Respecté pour son statut de doyen et son habileté politique, il a été sollicité à plusieurs reprises pour jouer le rôle de médiateur, dans des conflits en Afrique. L’année dernière encore, il l’était lors du « dialogue politique inclusif » engagé, en Centrafrique, entre le pouvoir en place, l’opposition, les rébellions et la société civile. Mais sans doute l’histoire retiendra-t-elle, en premier lieu, les rapports privilégiés qu’il entretenait avec la France et ses chefs d’Etat. Investi en 1967 avec la bénédiction du général de Gaulle et de son secrétaire général aux affaires africaines, Jacques Foccard, il avait conservé le soutien des présidents suivants, jusqu’à Nicolas Sarkozy qui l’avait reçu sur le perron de l’Elysée au lendemain de son élection et lui avait rendu visite lors de son premier voyage présidentiel sur le continent. « L’Afrique sans la France, c’est la voiture sans le chauffeur. La France sans l’Afrique, c’est une voiture sans carburant », aimait à dire Omar Bongo. En effet, le Gabon a d’importantes ressources naturelles (les hydrocarbures représentent la moitié du PNB) dont sait profiter la France et ses entreprises. Et la position stratégique du pays, idéalement placé pour intervenir au Tchad ou en République centrafricaine, sied à Paris qui dispose d’une base militaire à Libreville.

Toutefois, depuis deux ans, Omar Bongo et son entourage se sentaient trahis par la France, dont la justice traquait les « biens mal acquis » – leur patrimoine dans l’Hexagone soupçonné d’avoir été acheté avec de l’argent public détourné. Et le 19 mai dernier, le juge d’exécution du tribunal de grande instance de Paris refusait d’ordonner la mainlevée des saisies de neuf comptes bancaires appartenant au président Omar Bongo Ondimba, dans le cadre de l’affaire Cardona.

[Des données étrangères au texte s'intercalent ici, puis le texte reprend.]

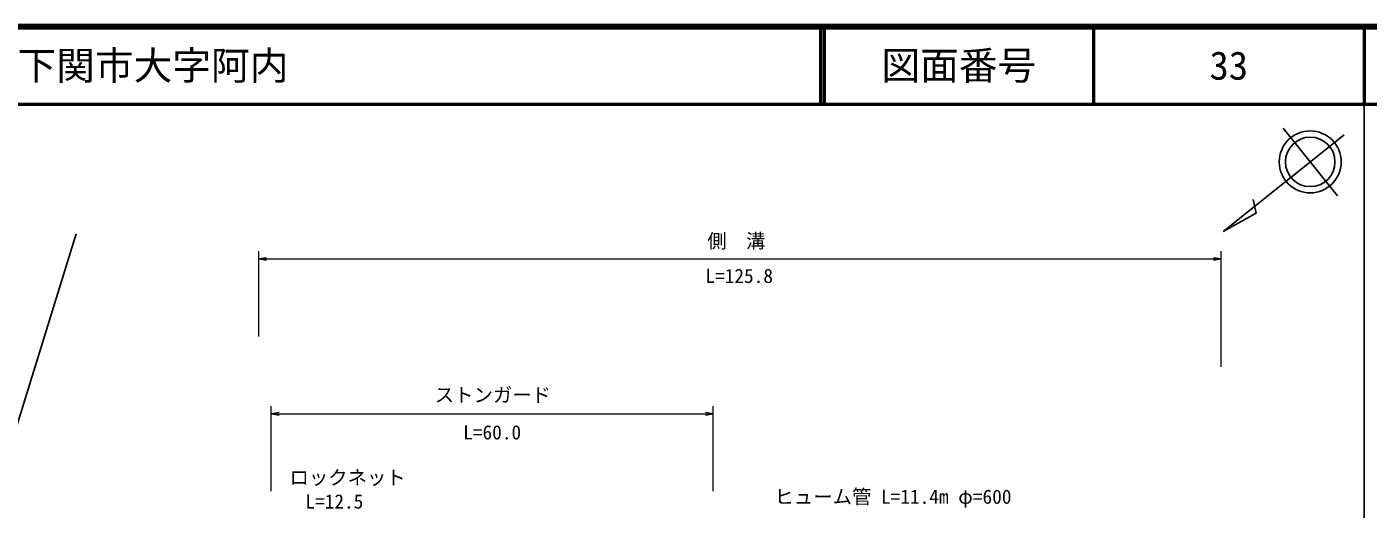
# Model space of a CAD drawing. Units: millimetres at full size, sheet at 1:1000; details may follow other scales. Extents: x 40000 to 680000, y 20000 to 380000.
# Drawn here: x 406226 to 579500, y 317671 to 380000 of the extents above; entities that cross this region are included whole.
import ezdxf
from ezdxf.enums import TextEntityAlignment as Align

# ---------------------------------------------------------------- set-up
doc = ezdxf.new("R2010")
doc.units = ezdxf.units.MM
doc.header["$LTSCALE"] = 1000
for name, color, linetype, lineweight in [('M-BMK-OTRS', 5, 'Continuous', 25), ('M-BMK-SRVR', 3, 'Continuous', 25), ('M-STR-HTXT', 7, 'Continuous', 13), ('M-TTL', 2, 'Continuous', 140), ('M-TTL-BAND', 7, 'Continuous', 25), ('M-TTL-LINE', 7, 'Continuous', 50)]:
    doc.layers.add(name, color=color, linetype=linetype, lineweight=lineweight)
doc.layers.add('M-TTL-TXT', color=7, linetype='Continuous')
doc.styles.add('ＭＳ ゴシック', font='')
doc.styles.get('ＭＳ ゴシック').set_extended_font_data('MS Gothic')

# ---------------------------------------------------------------- blocks, each defined once
blk = doc.blocks.new('open_arrow')
at = {"color": 0, "linetype": 'Continuous', "lineweight": -2}
blk.add_lwpolyline([(7.5, 1.25), (0, 0), (7.5, -1.25)], dxfattribs=at)

msp = doc.modelspace()

# ---------------------------------------------------------------- linework, layer by layer
at = {"layer": 'M-BMK-OTRS'}
msp.add_line((402920, 321914), (412584, 353230), dxfattribs=at)
at = {"layer": 'M-BMK-SRVR'}
for p, q in [((560779, 353541), (576383, 366052)), ((568510, 366918), (575517, 358180)), ((565024, 355919), (564648, 357668)), ((560779, 353541), (565024, 355919))]:
    msp.add_line(p, q, dxfattribs=at)
for radius in [4000, 3200]:
    msp.add_circle((572014, 362549), radius, dxfattribs=at)
at = {"layer": 'M-STR-HTXT'}
for p, q in [((436180, 340000), (436180, 351000)), ((560503, 336064), (560503, 351000)), ((436180, 350000), (560503, 350000)), ((437805, 320000), (437805, 331000)), ((494873, 320000), (494873, 331000)), ((437805, 330000), (494873, 330000))]:
    msp.add_line(p, q, dxfattribs=at)
at = {"layer": 'M-TTL'}
msp.add_line((680000, 380000), (40000, 380000), dxfattribs=at)
at = {"layer": 'M-TTL-BAND'}
msp.add_line((579000, 20000), (579000, 370000), dxfattribs=at)
at = {"layer": 'M-TTL-LINE'}
for p, q in [((508747, 380000), (508747, 370000)), ((509247, 380000), (509247, 370000)), ((543997, 380000), (543997, 370000)), ((579000, 380000), (579000, 370000)), ((40000, 370000), (680000, 370000))]:
    msp.add_line(p, q, dxfattribs=at)

# ---------------------------------------------------------------- block references
at = {"layer": 'M-STR-HTXT', "xscale": 133, "yscale": 133}
for p in [(436180, 350000), (437805, 330000)]:
    msp.add_blockref('open_arrow', p, dxfattribs=at)
at = {"layer": 'M-STR-HTXT', "xscale": 133, "yscale": 133, "rotation": 180}
for p in [(560503, 350000), (494873, 330000)]:
    msp.add_blockref('open_arrow', p, dxfattribs=at)

# ---------------------------------------------------------------- texts
at = {"layer": 'M-STR-HTXT', "style": 'ＭＳ ゴシック'}
for s, p in [('側\u3000溝', (497873, 352327)), ('ストンガード', (466431, 332431)), ('ロックネット', (447662, 321762))]:
    msp.add_text(s, height=1833, dxfattribs=at).set_placement(p, align=Align.MIDDLE_CENTER)
for s, p in [('L=125.8', (498252, 346348)), ('L=60.0', (466339, 326134)), ('L=12.5', (445955, 317204)), ('ヒューム管 L=11.4m φ=600', (518120, 317819))]:
    msp.add_text(s, height=1833, dxfattribs=at).set_placement(p, align=Align.BOTTOM_CENTER)
at = {"layer": 'M-TTL-TXT', "style": 'ＭＳ ゴシック'}
msp.add_text('下関市大字阿内', height=3666, dxfattribs=at).set_placement((405024, 375000), align=Align.MIDDLE_LEFT)
for s, p in [('図面番号', (526622, 375000)), ('33', (561497, 375000))]:
    msp.add_text(s, height=3666, dxfattribs=at).set_placement(p, align=Align.MIDDLE_CENTER)

doc.saveas('drawing.dxf')
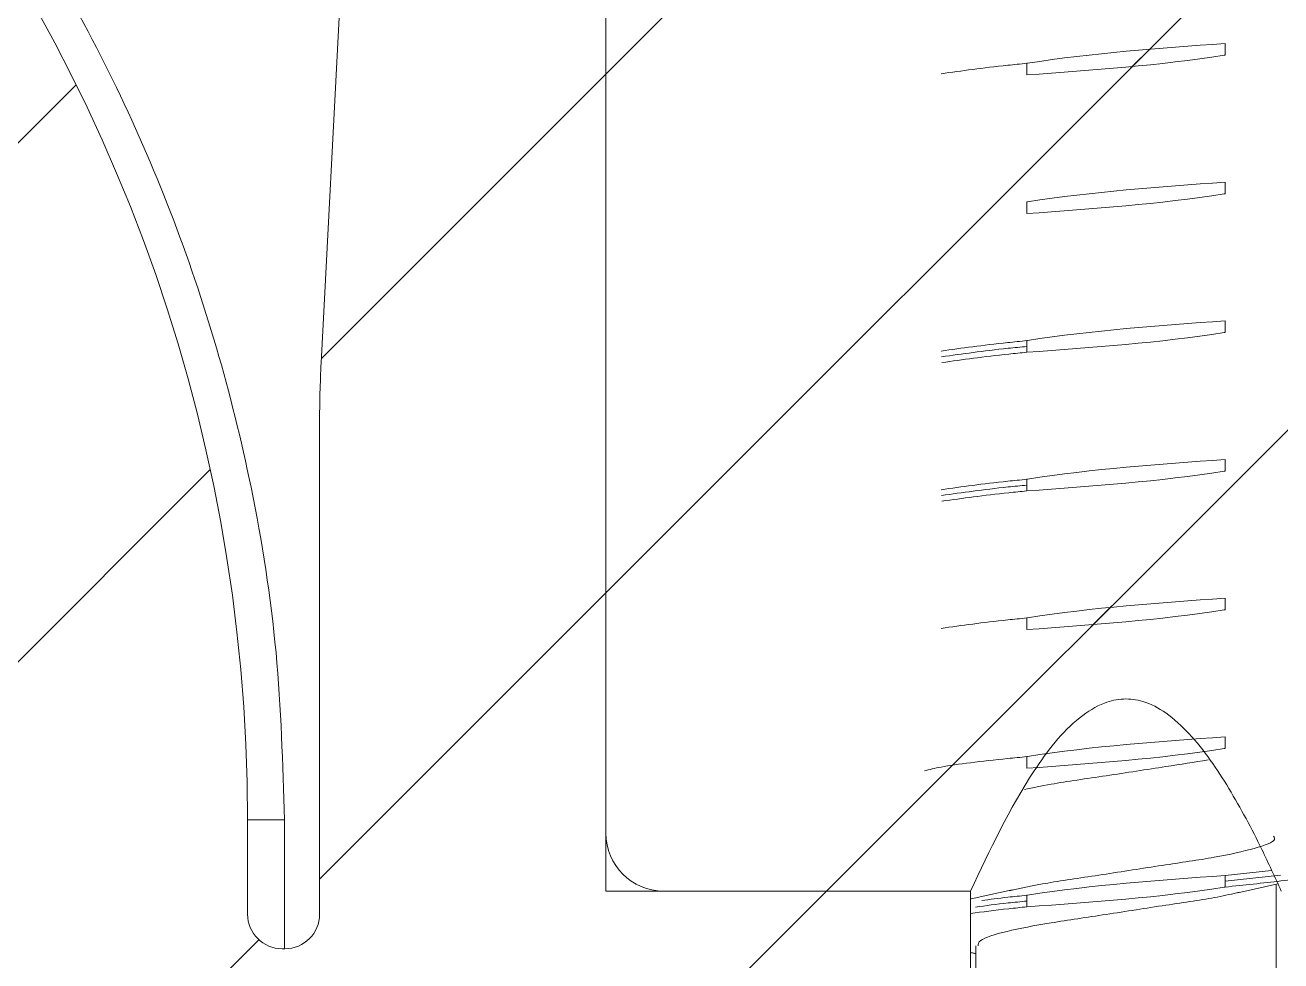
# Model space of a CAD drawing. Extents: x 14808 to 20058, y -13198 to -11680.
# Drawn here: x 15066.47 to 15071.9, y -13051.11 to -13047.06 of the extents above; entities that cross this region are included whole.
import ezdxf

# ---------------------------------------------------------------- set-up
doc = ezdxf.new("R2010")
doc.units = 0
doc.header["$LTSCALE"] = 7
doc.header["$MEASUREMENT"] = 0
doc.layers.get('0').update_dxf_attribs({"color": 2, "linetype": 'CONTINUOUS'})
pattern_1 = [(45, (121.7189, 108.7142), (-0.561266, 0.561266), [])]

# ---------------------------------------------------------------- blocks, each defined once
blk = doc.blocks.new('A$C42703619')
at = {"linetype": 'Continuous', "lineweight": 0}
h = blk.add_hatch(dxfattribs=at)
h.set_pattern_fill('ANSI31', color=2, scale=0.25, style=0)
h.set_pattern_definition(pattern_1)
edge = h.paths.add_edge_path(flags=0)
edge.add_arc((96.075, 7.4229), 0.75, 0, 40.721, ccw=False)
edge.add_line((96.825, 7.4229), (96.825, 6.318))
edge.add_arc((96.775, 6.318), 0.05, 315, 360, ccw=False)
edge.add_line((96.8104, 6.2827), (96.6396, 6.112))
edge.add_arc((96.675, 6.0766), 0.05, 135, 180)
edge.add_line((96.625, 6.0766), (96.625, 5.8973))
edge.add_arc((96.675, 5.8973), 0.05, 180, 270)
edge.add_line((96.675, 5.8473), (96.75, 5.8473))
edge.add_line((96.75, 5.8473), (96.75, 2.9723))
edge.add_arc((96.875, 2.9723), 0.125, 180, 270)
edge.add_line((96.875, 2.8473), (97.539, 2.8473))
edge.add_spline(control_points=[(97.539, 2.8473), (97.5792, 2.9368), (97.6223, 3.0257), (97.6767, 3.1074), (97.7047, 3.1495), (97.7362, 3.1909), (97.7757, 3.2226), (97.7917, 3.2354), (97.8094, 3.2466), (97.8285, 3.254), (97.8416, 3.259), (97.8557, 3.2621), (97.8697, 3.2628), (97.8837, 3.2634), (97.8979, 3.2614), (97.9114, 3.2574), (97.9291, 3.2521), (97.9458, 3.2432), (97.9609, 3.2326), (97.9794, 3.2197), (97.996, 3.2042), (98.0113, 3.1877), (98.0445, 3.1518), (98.0723, 3.1109), (98.0977, 3.069), (98.1235, 3.0263), (98.1468, 2.9821), (98.1688, 2.9374), (98.1834, 2.9076), (98.1974, 2.8776), (98.211, 2.8473)], knot_values=[0.011339, 0.011339, 0.011339, 0.011339, 0.012516, 0.012516, 0.012516, 0.013121, 0.013121, 0.013121, 0.013365, 0.013365, 0.013365, 0.013531, 0.013531, 0.013531, 0.013697, 0.013697, 0.013697, 0.013916, 0.013916, 0.013916, 0.014182, 0.014182, 0.014182, 0.014762, 0.014762, 0.014762, 0.015352, 0.015352, 0.015352, 0.015744, 0.015744, 0.015744, 0.015744], weights=[1, 1, 1, 1, 1, 1, 1, 1, 1, 1, 1, 1, 1, 1, 1, 1, 1, 1, 1, 1, 1, 1, 1, 1, 1, 1, 1, 1, 1, 1, 1], degree=3, periodic=0)
edge.add_line((98.211, 2.8473), (98.875, 2.8473))
edge.add_arc((98.875, 2.9723), 0.125, 270, 360)
edge.add_line((99, 2.9723), (99, 5.8473))
edge.add_line((99, 5.8473), (99.425, 5.8473))
edge.add_arc((99.425, 5.9223), 0.075, 270, 360)
edge.add_line((99.5, 5.9223), (99.5, 8.6121))
edge.add_line((99.5, 8.6121), (99.4615, 8.6206))
edge.add_arc((97.875, 8.9723), 1.625, 347.501, 419.3264)
edge.add_arc((99.0866, 11.015), 0.75, 192.5, 239.3264, ccw=False)
edge.add_line((98.3544, 10.8527), (98.2808, 11.1848))
edge.add_arc((99.013, 11.3471), 0.75, 166.2084, 192.5, ccw=False)
edge.add_arc((97.2527, 11.7792), 1.0625, 346.2084, 397.1243)
edge.add_arc((98.0002, 12.345), 0.125, 37.1243, 87.8735)
edge.add_arc((97.875, 8.9723), 3.5, 87.8735, 92.1937)
edge.add_arc((97.7439, 12.3948), 0.075, 92.1937, 147.5)
edge.add_line((97.6806, 12.4351), (97.6554, 12.3955))
edge.add_arc((97.5922, 12.4358), 0.075, 274.6687, 327.5, ccw=False)
edge.add_arc((97.875, 8.9723), 3.4, 94.6687, 110.3313)
edge.add_arc((96.6676, 12.2308), 0.075, 237.5, 290.3313, ccw=False)
edge.add_line((96.6273, 12.1676), (96.5877, 12.1928))
edge.add_arc((96.5474, 12.1296), 0.075, 57.5, 112.8063)
edge.add_arc((97.875, 8.9723), 3.5, 112.8063, 117.1265)
edge.add_arc((96.3361, 11.9761), 0.125, 117.1265, 167.8757)
edge.add_arc((97.2527, 11.7792), 1.0625, 167.8757, 218.7916)
edge.add_arc((95.84, 10.6437), 0.75, 12.5, 38.7916, ccw=False)
edge.add_line((96.5722, 10.806), (96.6459, 10.4739))
edge.add_arc((95.9136, 10.3116), 0.75, -34.3264, 12.5, ccw=False)
edge.add_arc((97.875, 8.9723), 1.625, 145.6736, 220.721)
edge = h.paths.add_edge_path(flags=0)
edge.add_arc((97.875, 8.9723), 0.5, 0, 360)
h = blk.add_hatch(dxfattribs=at)
h.set_pattern_fill('ANSI31', color=2, scale=0.25, style=0)
h.set_pattern_definition(pattern_1)
edge = h.paths.add_edge_path(flags=0)
edge.add_line((97.539, 2.2223), (97.539, 2.8473))
edge.add_line((97.539, 2.8473), (96.75, 2.8473))
edge.add_line((96.75, 2.8473), (96.75, 5.2223))
edge.add_line((96.75, 5.2223), (96.625, 5.7223))
edge.add_line((96.625, 5.7223), (96.3436, 5.7223))
edge.add_arc((96.3436, 5.5973), 0.125, 90, 177)
edge.add_line((96.2188, 5.6039), (96.1342, 3.9904))
edge.add_arc((98.6308, 3.8595), 2.5, 177, 180)
edge.add_line((96.1308, 3.8595), (96.1308, 2.7973))
edge.add_arc((96.0558, 2.7973), 0.075, 270, 360, ccw=False)
edge.add_line((96.0558, 2.7223), (96.05, 2.7223))
edge.add_arc((96.05, 2.7973), 0.075, 180.0013, 269.9979, ccw=False)
edge.add_line((95.975, 2.7973), (95.975, 3.0007))
edge.add_arc((92.375, 3), 3.6, 0.0109, 80.4069)
edge.add_spline(control_points=[(92.9749, 6.5497), (92.9608, 6.5521), (92.9468, 6.557), (92.9342, 6.5641), (92.922, 6.571), (92.9108, 6.58), (92.9015, 6.5905), (92.8932, 6.6), (92.8862, 6.6108), (92.8811, 6.6223)], knot_values=[0.000004, 0.000004, 0.000004, 0.000004, 0.000177, 0.000177, 0.000177, 0.000345, 0.000345, 0.000345, 0.000496, 0.000496, 0.000496, 0.000496], weights=[1, 1, 1, 1, 1, 1, 1, 1, 1, 1], degree=3, periodic=0)
edge.add_line((92.8811, 6.6223), (92.2681, 6.6223))
edge.add_line((92.2681, 6.6223), (92.2681, 6.2469))
edge.add_spline(control_points=[(92.2681, 6.2469), (92.2681, 6.2201), (92.2726, 6.1929), (92.2811, 6.1675), (92.29, 6.1411), (92.3036, 6.1158), (92.3207, 6.0937), (92.3379, 6.0717), (92.359, 6.0522), (92.3825, 6.0371), (92.4061, 6.0218), (92.4326, 6.0105), (92.4598, 6.0039), (92.4756, 6.0001), (92.4917, 5.9978), (92.5079, 5.9971)], knot_values=[0.000013, 0.000013, 0.000013, 0.000013, 0.000335, 0.000335, 0.000335, 0.00067, 0.00067, 0.00067, 0.001005, 0.001005, 0.001005, 0.001342, 0.001342, 0.001342, 0.001534, 0.001534, 0.001534, 0.001534], weights=[1, 1, 1, 1, 1, 1, 1, 1, 1, 1, 1, 1, 1, 1, 1, 1], degree=3, periodic=0)
edge.add_arc((92.375, 3), 3, 0, 87.4611, ccw=False)
edge.add_spline(control_points=[(95.375, 3), (95.3761, 2.7739), (95.375, 2.5477), (95.375, 2.3216), (95.375, 2.0904), (95.375, 1.8593), (95.375, 1.6282), (95.375, 1.2117), (95.375, 0.7953), (95.375, 0.3788)], knot_values=[0.00006, 0.00006, 0.00006, 0.00006, 0.002774, 0.002774, 0.002774, 0.005547, 0.005547, 0.005547, 0.010544, 0.010544, 0.010544, 0.010544], weights=[1, 1, 1, 1, 1, 1, 1, 1, 1, 1], degree=3, periodic=0)
edge.add_spline(control_points=[(95.375, 0.3788), (95.375, 0.3509), (95.3798, 0.3225), (95.3891, 0.2961), (95.3984, 0.2696), (95.4123, 0.2445), (95.4298, 0.2226), (95.4473, 0.2007), (95.4688, 0.1816), (95.4925, 0.1668), (95.5163, 0.1519), (95.5429, 0.141), (95.5702, 0.1349), (95.5792, 0.1328), (95.5884, 0.1313), (95.5976, 0.1303)], knot_values=[0, 0, 0, 0, 0.000336, 0.000336, 0.000336, 0.000672, 0.000672, 0.000672, 0.001008, 0.001008, 0.001008, 0.001344, 0.001344, 0.001344, 0.001453, 0.001453, 0.001453, 0.001453], weights=[1, 1, 1, 1, 1, 1, 1, 1, 1, 1, 1, 1, 1, 1, 1, 1], degree=3, periodic=0)
edge.add_spline(control_points=[(95.5976, 0.1303), (95.6273, 0.127), (95.6571, 0.1238), (95.6868, 0.1206)], knot_values=[0.00038, 0.00038, 0.00038, 0.00038, 0.000737, 0.000737, 0.000737, 0.000737], weights=[1, 1, 1, 1], degree=3, periodic=0)
edge.add_spline(control_points=[(95.6868, 0.1206), (95.7007, 0.1192), (95.7151, 0.1201), (95.7287, 0.1233), (95.7423, 0.1265), (95.7556, 0.1321), (95.7673, 0.1396), (95.7791, 0.1472), (95.7898, 0.1568), (95.7984, 0.1679), (95.807, 0.1789), (95.8139, 0.1915), (95.8184, 0.2048), (95.8227, 0.2176), (95.825, 0.2314), (95.825, 0.245)], knot_values=[0, 0, 0, 0, 0.000168, 0.000168, 0.000168, 0.000336, 0.000336, 0.000336, 0.000504, 0.000504, 0.000504, 0.000671, 0.000671, 0.000671, 0.000834, 0.000834, 0.000834, 0.000834], weights=[1, 1, 1, 1, 1, 1, 1, 1, 1, 1, 1, 1, 1, 1, 1, 1], degree=3, periodic=0)
edge.add_line((95.825, 0.245), (95.825, 0.3766))
edge.add_spline(control_points=[(95.825, 0.3766), (95.825, 0.4541), (95.825, 0.5316), (95.825, 0.6091)], knot_values=[0.000153, 0.000153, 0.000153, 0.000153, 0.001083, 0.001083, 0.001083, 0.001083], weights=[1, 1, 1, 1], degree=3, periodic=0)
edge.add_spline(control_points=[(95.825, 0.6091), (95.8567, 0.6059), (95.8884, 0.6027), (95.9202, 0.5996)], knot_values=[0.000327, 0.000327, 0.000327, 0.000327, 0.000708, 0.000708, 0.000708, 0.000708], weights=[1, 1, 1, 1], degree=3, periodic=0)
edge.add_spline(control_points=[(95.9202, 0.5996), (95.9257, 0.5991), (95.9315, 0.5995), (95.9369, 0.6008), (95.9423, 0.6022), (95.9476, 0.6045), (95.9523, 0.6075), (95.957, 0.6106), (95.9612, 0.6145), (95.9646, 0.6189), (95.968, 0.6234), (95.9707, 0.6284), (95.9725, 0.6338), (95.9741, 0.6388), (95.975, 0.6441), (95.975, 0.6494)], knot_values=[0, 0, 0, 0, 0.000067, 0.000067, 0.000067, 0.000134, 0.000134, 0.000134, 0.000201, 0.000201, 0.000201, 0.000269, 0.000269, 0.000269, 0.000332, 0.000332, 0.000332, 0.000332], weights=[1, 1, 1, 1, 1, 1, 1, 1, 1, 1, 1, 1, 1, 1, 1, 1], degree=3, periodic=0)
edge.add_line((95.975, 0.6494), (95.975, 1.9723))
edge.add_arc((96.225, 1.9723), 0.25, 90, 180, ccw=False)
edge.add_line((96.225, 2.2223), (97.5389, 2.2223))
h = blk.add_hatch(dxfattribs=at)
h.set_pattern_fill('ANSI31', scale=0.25, style=0)
h.set_pattern_definition(pattern_1)
edge = h.paths.add_edge_path(flags=0)
edge.add_spline(control_points=[(97.6607, 4.6255), (97.6607, 4.6245), (97.6607, 4.6235), (97.6607, 4.6224), (97.6607, 4.6208), (97.6607, 4.6193), (97.6607, 4.6177), (97.6607, 4.6161), (97.6607, 4.6146), (97.6607, 4.613)], knot_values=[0, 0, 0, 0, 0.000013, 0.000013, 0.000013, 0.000031, 0.000031, 0.000031, 0.00005, 0.00005, 0.00005, 0.00005], weights=[1, 1, 1, 1, 1, 1, 1, 1, 1, 1], degree=3, periodic=0)
edge.add_spline(control_points=[(97.6607, 4.613), (97.8037, 4.6138), (97.9463, 4.6334), (98.0875, 4.6556), (98.0881, 4.6557), (98.0887, 4.6558), (98.0893, 4.6559)], knot_values=[0, 0, 0, 0, 0.001716, 0.001716, 0.001716, 0.001723, 0.001723, 0.001723, 0.001723], weights=[1, 1, 1, 1, 1, 1, 1], degree=3, periodic=0)
edge.add_spline(control_points=[(98.0893, 4.6559), (98.0893, 4.6569), (98.0893, 4.658), (98.0893, 4.659), (98.0893, 4.6606), (98.0893, 4.6622), (98.0893, 4.6637), (98.0893, 4.6653), (98.0893, 4.6669), (98.0893, 4.6684)], knot_values=[0, 0, 0, 0, 0.000013, 0.000013, 0.000013, 0.000031, 0.000031, 0.000031, 0.00005, 0.00005, 0.00005, 0.00005], weights=[1, 1, 1, 1, 1, 1, 1, 1, 1, 1], degree=3, periodic=0)
edge.add_spline(control_points=[(98.0893, 4.6684), (98.0893, 4.6695), (98.0893, 4.6705), (98.0893, 4.6716), (98.0893, 4.6732), (98.0893, 4.6747), (98.0893, 4.6763), (98.0893, 4.6779), (98.0893, 4.6794), (98.0893, 4.681)], knot_values=[0, 0, 0, 0, 0.000013, 0.000013, 0.000013, 0.000031, 0.000031, 0.000031, 0.00005, 0.00005, 0.00005, 0.00005], weights=[1, 1, 1, 1, 1, 1, 1, 1, 1, 1], degree=3, periodic=0)
edge.add_spline(control_points=[(98.0893, 4.681), (97.9462, 4.6803), (97.8035, 4.6607), (97.6622, 4.6383), (97.6617, 4.6383), (97.6612, 4.6382), (97.6607, 4.6381)], knot_values=[0, 0, 0, 0, 0.001717, 0.001717, 0.001717, 0.001723, 0.001723, 0.001723, 0.001723], weights=[1, 1, 1, 1, 1, 1, 1], degree=3, periodic=0)
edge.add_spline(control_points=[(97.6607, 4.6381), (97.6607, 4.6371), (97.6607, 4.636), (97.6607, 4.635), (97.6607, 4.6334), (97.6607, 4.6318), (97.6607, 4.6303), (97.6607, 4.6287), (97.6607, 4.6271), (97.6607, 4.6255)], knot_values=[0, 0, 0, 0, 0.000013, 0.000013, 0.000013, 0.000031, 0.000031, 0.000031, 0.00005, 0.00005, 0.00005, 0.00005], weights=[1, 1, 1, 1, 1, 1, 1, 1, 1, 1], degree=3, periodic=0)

Depuis la « suspension » des activités d’Omar Bongo Ondimba, Libreville fonctionnait au ralenti et les rumeurs allaient bon train quant à sa succession. Le leader de l’opposition, Pierre Mamboundou (UPG), déclarait même, samedi 30 mai, au cours d’une conférence de presse à Libreville, qu’un coup d’Etat était en préparation, mais sans en nommer les auteurs présumés. D’aucuns estiment que le fils du président décédé, Ali Bongo, succédera à son père quelle que soit la volonté des Gabonais dont le niveau de vie moyen demeure désespérément bas, en dépit des colossales ressources pétrolières, minières et sylvicoles extraites de leur pays.